Ich hab in die Spamordner geschaut, die sind ebenfalls leer. 
Weiß einer, ob es da momentan Probleme gibt? Ich bin am verzweifeln! ^^ 
Viele Grüße,
Leo


----------



## pphs (15. Mai 2014)

einfach mal vorher genau informieren dann weiß man auch das es mit diesen mail anbietern probleme gibt. das liegt nicht an ncsoft, sondern an gmx etc, weil diese die mails nicht durchlassen.


----------



## Tikume (15. Mai 2014)

E-Mail Provider weisen durchaus schonmal E-Mails ab und das hat durchaus nachvollziehbare Gründe. Im Falle von NCSoft konnte ich das bisher nicht nachvollziehen.

Letztendlich wäre es - wenn dem so wäre - wichtig an den Bounce zu kommen. Das könnte hier natürlich schwierig sein.


----------



## Shye-Demmera (16. Mai 2014)

Ich hab dasselbe Problem!

Zuerst hatte ich den Wildstar Account über eine Web.de Email Adresse 
laufen gehabt. Kam aber immer wieder zu Problemen. Vorgestern hab
ich dann mal den deutschen Community Manager Bronn angetweetet auf
Twitter. Er meinte nur, halt Email-Adresse ändern. Hab dann 
auf meine GMX-Email Adresse geändert, mit der ich bisher nirgends
solche Probleme hatte. Und es geht wieder nichts!

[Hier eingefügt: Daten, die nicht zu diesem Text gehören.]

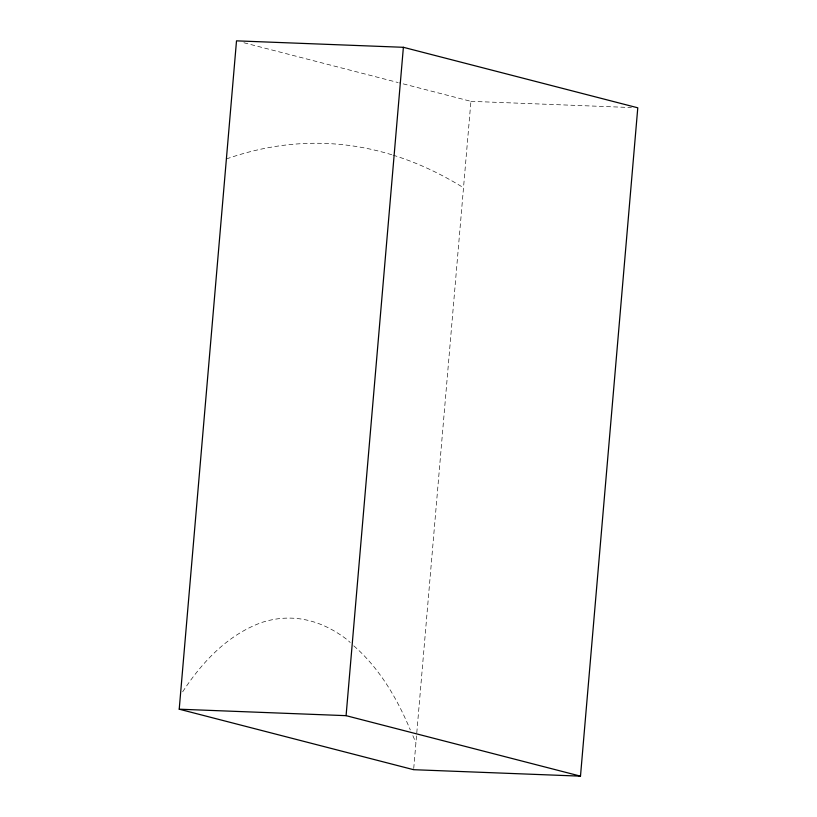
<?xml version="1.0" encoding="UTF-8"?>
<svg xmlns="http://www.w3.org/2000/svg" width="817" height="817" viewBox="0 0 817 817"><rect width="100%" height="100%" fill="white"/><g stroke="black" fill="none" stroke-linecap="round" stroke-linejoin="round"><path stroke-width="0.61" stroke-dasharray="4.08 3.06" d="M413.729 768.46L470.919 101.339L399.36 82.874M182.671 691.815C201.993 662.199 227.596 634.891 261.522 622.554A383.888 178.331 -87.8 0 1 347.562 640.028L350.238 642.519M470.919 101.339L631.418 107.558M243.915 42.76L398.134 82.558M353.802 645.859C379.578 668.316 397.215 698.678 410.308 729.918M412.871 735.719L415.935 742.694M226.391 158.947A1176.225 546.399 -87.8 0 1 391.905 154.791M393.069 155.148A1176.225 546.399 -87.8 0 1 463.505 187.747"/><path stroke-width="1.23" d="M179.219 709.197L236.511 40.85L403.384 47.304L637.781 107.803L580.489 776.15L413.616 769.696L179.219 709.197L346.081 715.661L580.489 776.15M346.081 715.661L403.384 47.304"/></g></svg>
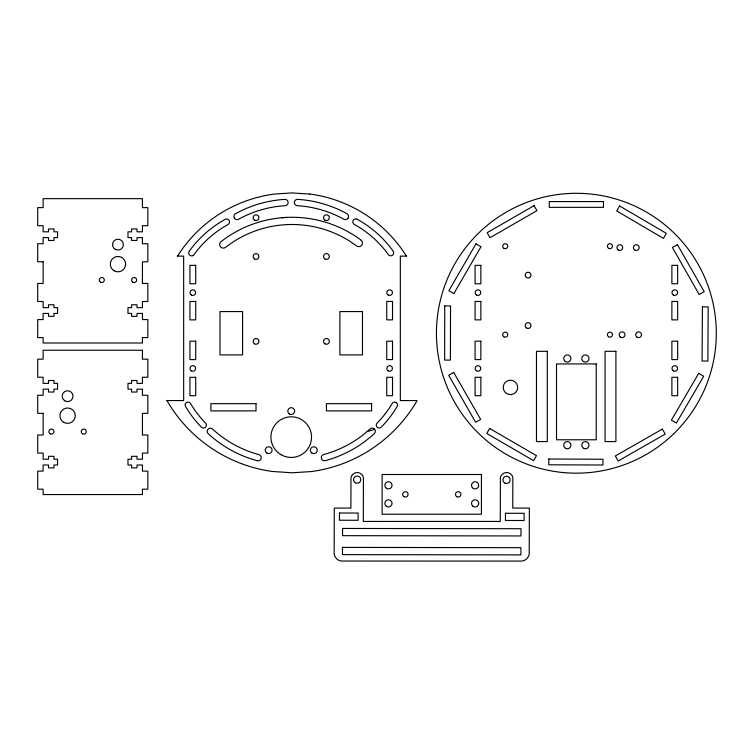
<?xml version="1.0" encoding="UTF-8"?>
<svg xmlns="http://www.w3.org/2000/svg" width="754" height="754" viewBox="0 0 754 754"><rect width="100%" height="100%" fill="white"/><g stroke="black" fill="none" stroke-linecap="round" stroke-linejoin="round"><path stroke-width="1.13" d="M352.42 474.662L351.477 476.113A5.561 5.561 0 0 0 350.987 478.404L350.902 508.064L334.295 508.064L334.163 553.191A7.436 7.436 0 0 0 334.814 556.254L336.604 558.761A8.501 8.501 0 0 0 341.637 561.033L520.901 561.08A8.539 8.539 0 0 0 526.773 558.78L528.563 556.282A7.427 7.427 0 0 0 529.223 553.238L529.355 508.064L512.758 508.064L512.843 478.404A5.542 5.542 0 0 0 512.362 476.113L511.429 474.662A6.371 6.371 0 0 0 501.853 474.69L500.892 476.113A5.561 5.561 0 0 0 500.392 478.404L500.27 521.438L363.305 521.438L363.437 478.404A5.542 5.542 0 0 0 362.947 476.113L362.014 474.662A6.371 6.371 0 0 0 352.448 474.69M367.217 431.486L374.672 429.403M177.426 256.124L183.656 256.124L183.656 400.572L166.87 400.572M406.557 256.124L400.327 256.124L400.327 400.572L417.113 400.572A144.438 144.438 0 0 1 311.704 471.523L291.996 472.796L272.288 471.457A144.438 144.438 0 0 1 166.945 400.525M309.781 194.08L291.996 192.92L274.202 194.08A135.4 135.4 0 0 0 177.492 256.162M357.113 219.216L356.896 219.122A2.959 2.959 0 0 0 353.089 220.592A2.959 2.959 0 0 0 354.342 224.447A103.439 103.439 0 0 1 388.338 254.569A2.959 2.959 0 0 0 392.485 255.229A2.959 2.959 0 0 0 393.107 251.073A109.33 109.33 0 0 0 357.198 219.254M360.601 239.866A3.638 3.638 0 0 1 361.967 244.824A3.638 3.638 0 0 1 357.01 246.19L349.055 240.752A108.161 108.161 0 0 0 233.429 241.751L225.455 247.359A3.619 3.619 0 0 1 220.479 246.822A3.619 3.619 0 0 1 220.818 241.836A115.202 115.202 0 0 1 286.982 217.388M257.312 460.713A3.157 3.157 0 0 0 261.129 458.413A3.157 3.157 0 0 0 258.848 454.587A110.885 110.885 0 0 1 212.515 429.026A3.167 3.167 0 0 0 208.029 429.243A3.167 3.167 0 0 0 208.245 433.729A117.172 117.172 0 0 0 257.189 460.703M282.034 217.727A115.579 115.579 0 0 1 360.648 239.8M309.79 194.014A135.4 135.4 0 0 1 406.491 256.162M43.119 413.352L43.119 435.011L37.7 435.02L37.7 453.069L43.119 453.069L43.119 459.214L48.529 459.214L48.529 456.321L53.949 456.321L53.949 459.214L57.558 459.214L57.558 464.992L53.949 464.992L53.949 467.876L48.529 467.876L48.529 464.992L43.119 464.992L43.119 471.127L37.7 471.127L37.7 489.186L43.119 489.186L43.119 494.558L142.431 494.558L142.431 489.186L147.841 489.186L147.841 471.127L142.431 471.127L142.431 464.992L137.011 464.992L137.011 467.876L131.592 467.876L131.592 464.992L127.982 464.992L127.982 459.214L131.592 459.214L131.592 456.321L137.011 456.321L137.011 459.214L142.431 459.214L142.431 453.069L147.841 453.069L147.841 435.02L142.431 435.02L142.431 413.352L147.841 413.352L147.841 395.294L142.431 395.294L142.431 389.149L137.011 389.149L137.011 392.042L131.592 392.042L131.592 389.149L127.982 389.149L127.982 383.371L131.592 383.371L131.592 380.487L137.011 380.487L137.011 383.371L142.431 383.371L142.431 377.236L147.841 377.236L147.841 359.177L142.431 359.177L142.431 350.224L43.119 350.224L43.119 359.177L37.7 359.177L37.7 377.236L43.119 377.236L43.119 383.371L48.529 383.371L48.529 380.487L53.949 380.487L53.949 383.371L57.558 383.371L57.558 389.149L53.949 389.149L53.949 392.042L48.529 392.042L48.529 389.149L43.119 389.149L43.119 395.294L37.7 395.294L37.7 413.352L43.119 413.352M43.119 261.789L43.119 283.457L37.7 283.457L37.7 301.515L43.119 301.515L43.119 307.651L48.539 307.651L48.539 304.767L53.949 304.767L53.949 307.651L57.558 307.651L57.558 313.428L53.949 313.428L53.949 316.322L48.539 316.322L48.539 313.428L43.119 313.428L43.119 319.573L37.7 319.573L37.7 337.622L43.119 337.603L43.119 343.004L142.431 343.004L142.431 337.585L147.841 337.585L147.841 319.573L142.431 319.573L142.431 313.428L137.011 313.428L137.011 316.322L131.592 316.322L131.592 313.428L127.982 313.428L127.982 307.651L131.592 307.651L131.592 304.767L137.011 304.767L137.011 307.651L142.431 307.651L142.431 301.515L147.841 301.515L147.841 283.457L142.431 283.457L142.431 261.789L147.841 261.789L147.841 243.731L142.431 243.731L142.431 237.595L137.011 237.595L137.011 240.479L131.592 240.479L131.592 237.595L127.982 237.595L127.982 231.817L131.592 231.817L131.592 228.924L137.011 228.924L137.011 231.817L142.431 231.817L142.431 225.682L147.841 225.682L147.841 207.623L142.431 207.661L142.431 198.66L43.119 198.66L43.119 207.623L37.7 207.623L37.7 225.682L43.119 225.682L43.119 231.817L48.539 231.817L48.539 228.924L53.949 228.924L53.949 231.817L57.568 231.817L57.568 237.595L53.949 237.595L53.949 240.488L48.539 240.488L48.539 237.595L43.119 237.595L43.119 243.731L37.7 243.731L37.7 261.789L43.119 261.789M339.47 513.012L339.46 520.241L358.131 520.269L358.141 513.04L339.47 513.012M342.476 547.404L342.467 554.633L520.92 554.897L520.929 547.677L342.476 547.404M342.561 528.45L342.542 535.67L520.995 535.943L521.005 528.714L342.561 528.45M444.747 305.907L444.643 360.073L450.421 360.092L450.524 305.917L444.747 305.907M505.472 513.267L505.463 520.486L524.134 520.514L524.143 513.295L505.472 513.267M548.808 459.026L548.78 464.803L602.955 465.011L602.974 459.233L548.808 459.026M702.408 306.869L702.097 361.043L707.874 361.072L708.185 306.906L702.408 306.869M476 243.825L448.856 290.705L453.851 293.598L480.995 246.718L476 243.825M489.666 428.451L486.764 433.446L533.587 460.675L536.49 455.68L489.666 428.451M698.722 373.343L671.409 420.119L676.395 423.032L703.718 376.265L698.722 373.343M619.628 205.974L616.706 210.95L663.426 238.368L666.347 233.382L619.628 205.974M534.068 205.644L487.141 232.703L490.025 237.708L536.952 210.649L534.068 205.644M453.701 372.419L448.696 375.294L475.661 422.278L480.675 419.403L453.701 372.419M662.342 429.101L615.311 455.982L618.176 460.996L665.207 434.115L662.342 429.101M677.412 244.588L672.389 247.444L699.175 294.531L704.198 291.666L677.412 244.588M603.454 201.572L549.28 201.572L549.28 207.35L603.454 207.35L603.454 201.572M195.71 265.351L189.933 265.351L189.933 283.768L195.71 283.768L195.71 265.351M480.854 265.351L475.077 265.351L475.077 283.768L480.854 283.768L480.854 265.351M677.658 265.351L671.88 265.351L671.88 283.768L677.658 283.768L677.658 265.351M195.71 301.459L189.933 301.459L189.933 319.875L195.71 319.875L195.71 301.459M392.523 301.459L386.745 301.459L386.745 319.875L392.523 319.875L392.523 301.459M480.854 301.459L475.077 301.459L475.077 319.875L480.854 319.875L480.854 301.459M677.658 301.459L671.88 301.459L671.88 319.875L677.658 319.875L677.658 301.459M242.571 311.572L219.998 311.572L219.998 354.908L242.571 354.908L242.571 311.572M362.467 311.572L339.894 311.572L339.894 354.908L362.467 354.908L362.467 311.572M195.71 341.185L189.933 341.185L189.933 359.601L195.71 359.601L195.71 341.185M392.523 341.185L386.745 341.185L386.745 359.601L392.523 359.601L392.523 341.185M480.854 341.185L475.077 341.185L475.077 359.601L480.854 359.601L480.854 341.185M677.658 341.185L671.88 341.185L671.88 359.601L677.658 359.601L677.658 341.185M547.291 351.298L536.462 351.298L536.462 441.58L547.291 441.58L547.291 351.298M615.905 351.298L605.076 351.298L605.076 441.58L615.905 441.58L615.905 351.298M596.226 363.937L556.509 363.937L556.509 439.771L596.226 439.771L596.226 363.937M195.71 377.302L189.933 377.302L189.933 395.718L195.71 395.718L195.71 377.302M392.523 377.302L386.745 377.302L386.745 395.718L392.523 395.718L392.523 377.302M480.854 377.302L475.077 377.302L475.077 395.718L480.854 395.718L480.854 377.302M677.658 377.302L671.88 377.302L671.88 395.718L677.658 395.718L677.658 377.302M256.021 403.663L210.875 403.663L210.875 410.883L256.021 410.883L256.021 403.663M371.581 403.663L326.435 403.663L326.435 410.883L371.581 410.883L371.581 403.663M481.438 474.492L382.137 474.492L382.137 514.219L481.438 514.219L481.438 474.492M63.751 422.344A7.672 7.672 0 0 0 75.259 415.699A7.672 7.672 0 0 0 63.751 409.045A7.672 7.672 0 0 0 63.751 422.344M64.872 400.883A5.419 5.419 0 0 0 72.997 396.199A5.419 5.419 0 0 0 64.872 391.505A5.419 5.419 0 0 0 64.872 400.883M50.16 433.776A2.526 2.526 0 0 0 53.949 431.58A2.526 2.526 0 0 0 50.16 429.394A2.526 2.526 0 0 0 50.16 433.776M82.478 433.776A2.526 2.526 0 0 0 86.276 431.58A2.526 2.526 0 0 0 82.478 429.394A2.526 2.526 0 0 0 82.478 433.776M100.536 282.213A2.526 2.526 0 0 0 104.325 280.026A2.526 2.526 0 0 0 100.536 277.84A2.526 2.526 0 0 0 100.536 282.213M114.127 270.78A7.672 7.672 0 0 0 125.635 264.136A7.672 7.672 0 0 0 114.127 257.491A7.672 7.672 0 0 0 114.127 270.78M115.249 249.329A5.419 5.419 0 0 0 123.373 244.635A5.419 5.419 0 0 0 115.249 239.942A5.419 5.419 0 0 0 115.249 249.329M132.855 282.213A2.526 2.526 0 0 0 136.653 280.026A2.526 2.526 0 0 0 132.855 277.84A2.526 2.526 0 0 0 132.855 282.213M473.003 506.311A3.61 3.61 0 0 0 478.715 503.757A3.61 3.61 0 0 0 473.644 500.091A3.61 3.61 0 0 0 473.003 506.311M386.34 506.311A3.61 3.61 0 0 0 392.042 503.757A3.61 3.61 0 0 0 386.972 500.091A3.61 3.61 0 0 0 386.34 506.311M386.34 488.253A3.61 3.61 0 0 0 392.042 485.699A3.61 3.61 0 0 0 386.972 482.032A3.61 3.61 0 0 0 386.34 488.253M473.314 488.451A3.61 3.61 0 0 0 478.733 485.331A3.61 3.61 0 0 0 473.314 482.202A3.61 3.61 0 0 0 473.314 488.451M456.839 496.697A2.705 2.705 0 0 0 460.901 494.36A2.705 2.705 0 0 0 456.839 492.013A2.705 2.705 0 0 0 456.839 496.697M403.88 496.613A2.705 2.705 0 0 0 408.084 494.53A2.705 2.705 0 0 0 404.182 491.928A2.705 2.705 0 0 0 403.88 496.613M355.341 482.758A3.61 3.61 0 0 0 360.77 479.638A3.61 3.61 0 0 0 355.351 476.509A3.61 3.61 0 0 0 355.341 482.758M504.746 482.984A3.61 3.61 0 0 0 510.175 479.864A3.61 3.61 0 0 0 504.756 476.735A3.61 3.61 0 0 0 504.746 482.984M506.396 454.426A139.933 139.933 0 0 0 716.3 333.24A139.933 139.933 0 0 0 506.396 212.053A139.933 139.933 0 0 0 506.396 454.426M476.405 370.779A2.799 2.799 0 0 0 480.75 368.631A2.799 2.799 0 0 0 476.726 365.944A2.799 2.799 0 0 0 476.405 370.779M476.405 294.946A2.799 2.799 0 0 0 480.75 292.797A2.799 2.799 0 0 0 476.726 290.101A2.799 2.799 0 0 0 476.405 294.946M673.369 295.04A2.799 2.799 0 0 0 677.573 292.618A2.799 2.799 0 0 0 673.369 290.196A2.799 2.799 0 0 0 673.369 295.04M673.218 370.779A2.799 2.799 0 0 0 677.563 368.631A2.799 2.799 0 0 0 673.529 365.944A2.799 2.799 0 0 0 673.218 370.779M583.587 361.647A3.61 3.61 0 0 0 589.006 358.518A3.61 3.61 0 0 0 583.587 355.388A3.61 3.61 0 0 0 583.587 361.647M583.587 448.319A3.61 3.61 0 0 0 589.006 445.19A3.61 3.61 0 0 0 583.587 442.061A3.61 3.61 0 0 0 583.587 448.319M565.528 448.319A3.61 3.61 0 0 0 570.948 445.19A3.61 3.61 0 0 0 565.528 442.061A3.61 3.61 0 0 0 565.528 448.319M565.227 361.449A3.61 3.61 0 0 0 570.929 358.885A3.61 3.61 0 0 0 565.858 355.228A3.61 3.61 0 0 0 565.227 361.449M620.419 337.085A2.893 2.893 0 0 0 624.991 335.04A2.893 2.893 0 0 0 620.928 332.099A2.893 2.893 0 0 0 620.419 337.085M636.904 337.085A2.893 2.893 0 0 0 641.466 335.04A2.893 2.893 0 0 0 637.413 332.099A2.893 2.893 0 0 0 636.904 337.085M526.405 327.905A2.893 2.893 0 0 0 530.967 325.86A2.893 2.893 0 0 0 526.914 322.929A2.893 2.893 0 0 0 526.405 327.905M526.405 277.463A2.893 2.893 0 0 0 530.967 275.417A2.893 2.893 0 0 0 526.914 272.486A2.893 2.893 0 0 0 526.405 277.463M618.129 249.942A2.893 2.893 0 0 0 622.691 247.896A2.893 2.893 0 0 0 618.638 244.965A2.893 2.893 0 0 0 618.129 249.942M634.614 249.942A2.893 2.893 0 0 0 639.175 247.896A2.893 2.893 0 0 0 635.122 244.965A2.893 2.893 0 0 0 634.614 249.942M506.434 393.409A7.22 7.22 0 0 0 517.659 387.895A7.22 7.22 0 0 0 507.263 380.93A7.22 7.22 0 0 0 506.434 393.409M503.945 248.377A2.526 2.526 0 0 0 507.744 246.19A2.526 2.526 0 0 0 503.945 244.004A2.526 2.526 0 0 0 503.945 248.377M503.804 336.765A2.526 2.526 0 0 0 507.734 334.833A2.526 2.526 0 0 0 504.096 332.401A2.526 2.526 0 0 0 503.804 336.765M608.676 248.377A2.526 2.526 0 0 0 612.465 246.19A2.526 2.526 0 0 0 608.676 244.004A2.526 2.526 0 0 0 608.676 248.377M608.535 336.765A2.526 2.526 0 0 0 612.465 334.833A2.526 2.526 0 0 0 608.827 332.401A2.526 2.526 0 0 0 608.535 336.765M186.549 402.466A2.903 2.903 0 0 0 185.512 406.434A108.34 108.34 0 0 0 201.384 427.122A2.903 2.903 0 0 0 205.503 427.16A2.903 2.903 0 0 0 205.531 423.051A102.544 102.544 0 0 1 190.526 403.494A2.903 2.903 0 0 0 186.549 402.466M374.484 429.177A3.157 3.157 0 0 0 370.016 428.998A110.866 110.866 0 0 1 323.645 454.539A3.157 3.157 0 0 0 321.411 458.413A3.157 3.157 0 0 0 325.285 460.637A117.153 117.153 0 0 0 374.295 433.644A3.157 3.157 0 0 0 374.484 429.177M396.123 402.495A2.884 2.884 0 0 0 392.174 403.522A102.572 102.572 0 0 1 377.123 423.06A2.903 2.903 0 0 0 377.179 427.169A2.903 2.903 0 0 0 381.288 427.122A108.425 108.425 0 0 0 397.16 406.434A2.884 2.884 0 0 0 396.123 402.495M348.178 217.963A3.157 3.157 0 0 0 346.887 213.674A116.757 116.757 0 0 0 297.679 199.376A3.204 3.204 0 0 0 297.274 199.386A3.157 3.157 0 0 0 294.324 202.543A3.157 3.157 0 0 0 297.283 205.691A110.489 110.489 0 0 1 343.871 219.225A3.157 3.157 0 0 0 348.178 217.963M234.287 217.972A3.157 3.157 0 0 0 238.584 219.225A110.48 110.48 0 0 1 285.172 205.682A3.157 3.157 0 0 0 288.132 202.543A3.157 3.157 0 0 0 285.182 199.386A3.204 3.204 0 0 0 284.776 199.386A116.757 116.757 0 0 0 235.578 213.674A3.157 3.157 0 0 0 234.287 217.972M192.694 255.691A2.95 2.95 0 0 0 194.004 254.673A103.458 103.458 0 0 1 228.019 224.532A2.959 2.959 0 0 0 229.254 220.686A2.959 2.959 0 0 0 225.493 219.207A2.997 2.997 0 0 0 225.154 219.367A109.33 109.33 0 0 0 189.235 251.167A2.959 2.959 0 0 0 192.694 255.691M324.993 343.871A2.893 2.893 0 0 0 329.328 341.364A2.893 2.893 0 0 0 324.993 338.866A2.893 2.893 0 0 0 324.993 343.871M289.319 413.955A3.431 3.431 0 0 0 294.654 411.335A3.431 3.431 0 0 0 289.715 408.027A3.431 3.431 0 0 0 289.319 413.955M191.271 370.779A2.799 2.799 0 0 0 195.616 368.631A2.799 2.799 0 0 0 191.582 365.944A2.799 2.799 0 0 0 191.271 370.779M388.084 294.946A2.799 2.799 0 0 0 392.429 292.797A2.799 2.799 0 0 0 388.395 290.101A2.799 2.799 0 0 0 388.084 294.946M254.409 258.905A2.893 2.893 0 0 0 258.905 256.699A2.893 2.893 0 0 0 254.748 253.909A2.893 2.893 0 0 0 254.409 258.905M254.579 343.871A2.893 2.893 0 0 0 258.905 341.364A2.893 2.893 0 0 0 254.579 338.866A2.893 2.893 0 0 0 254.579 343.871M254.579 220.187A2.893 2.893 0 0 0 258.905 217.68A2.893 2.893 0 0 0 254.579 215.182A2.893 2.893 0 0 0 254.579 220.187M388.084 370.779A2.799 2.799 0 0 0 392.429 368.631A2.799 2.799 0 0 0 388.395 365.944A2.799 2.799 0 0 0 388.084 370.779M324.993 220.187A2.893 2.893 0 0 0 329.328 217.68A2.893 2.893 0 0 0 324.993 215.182A2.893 2.893 0 0 0 324.993 220.187M266.944 453.163A3.431 3.431 0 0 0 272.09 450.195A3.431 3.431 0 0 0 266.944 447.226A3.431 3.431 0 0 0 266.944 453.163M191.271 294.946A2.799 2.799 0 0 0 195.616 292.797A2.799 2.799 0 0 0 191.582 290.101A2.799 2.799 0 0 0 191.271 294.946M324.833 258.905A2.893 2.893 0 0 0 329.319 256.699A2.893 2.893 0 0 0 325.163 253.909A2.893 2.893 0 0 0 324.833 258.905M312.081 453.163A3.431 3.431 0 0 0 317.227 450.195A3.431 3.431 0 0 0 312.081 447.226A3.431 3.431 0 0 0 312.081 453.163M281.072 454.709A20.311 20.311 0 0 0 311.543 437.113A20.311 20.311 0 0 0 281.072 419.526A20.311 20.311 0 0 0 281.072 454.709"/></g></svg>

Gibt es einen Email-Anbieter wo ich das Problem nicht habe?


----------



## tekkon123 (16. Mai 2014)

Bei Web.de hatte ich auch diese Probleme.
Bin jetzt bei Freenet.de und alles läuft reibungslos.Die Mails kommen fast instand an.


----------



## Fusie (16. Mai 2014)

Hatte damit bis heute auch keine Probleme, aber nun will ein Code einfach nicht ankommen...


----------



## kaepteniglo (17. Mai 2014)

Web.de und GMX gehören zusammen, daher ist die Wahrscheinlichkeit sehr hoch, dass gleiche Probleme auftreten.

Alternativen mit freien Mail-Adressen gibt es ja sehr viele.

Yahoo, Outlook.com, Google-Mail, etc.


----------



## Tikume (17. Mai 2014)

Das Problem hockt bei E-Mil meistens vor dem Monitor 

Ansonsten geht nix über eine eigene Domain und am besten entsprechendes Hosting


----------



## Wynn (17. Mai 2014)

auf gmail und yahoo habe ich alle emails von denen erhalten


----------



## Korgor (18. Mai 2014)

Bin selber bei Web und Gmx und hatte noch nie solche Probleme.


----------



## Fusie (18. Mai 2014)

Wilde Vermutung, aber deren Service dürfte zur Zeit wohl schlicht überlastet sein, die eMails trudeln inzwischen im Schnitt nach 15-45 Minuten endlich ein, und dann darf man sich auch einloggen.


----------



## Zophael85 (19. Mai 2014)

Bekomme heute auch keine emails :s bin bei web.de und hatte sonst auch keine probleme... 
Jetz mit dem neuen pc wollt ich wildstar schonmal installieren aber bekomme keine email um mene IP zu verifizieren... schon 4 5 versuche gemacht,... keine einzige email kommt an...

edit: wartezeit nun über eine stunde..


----------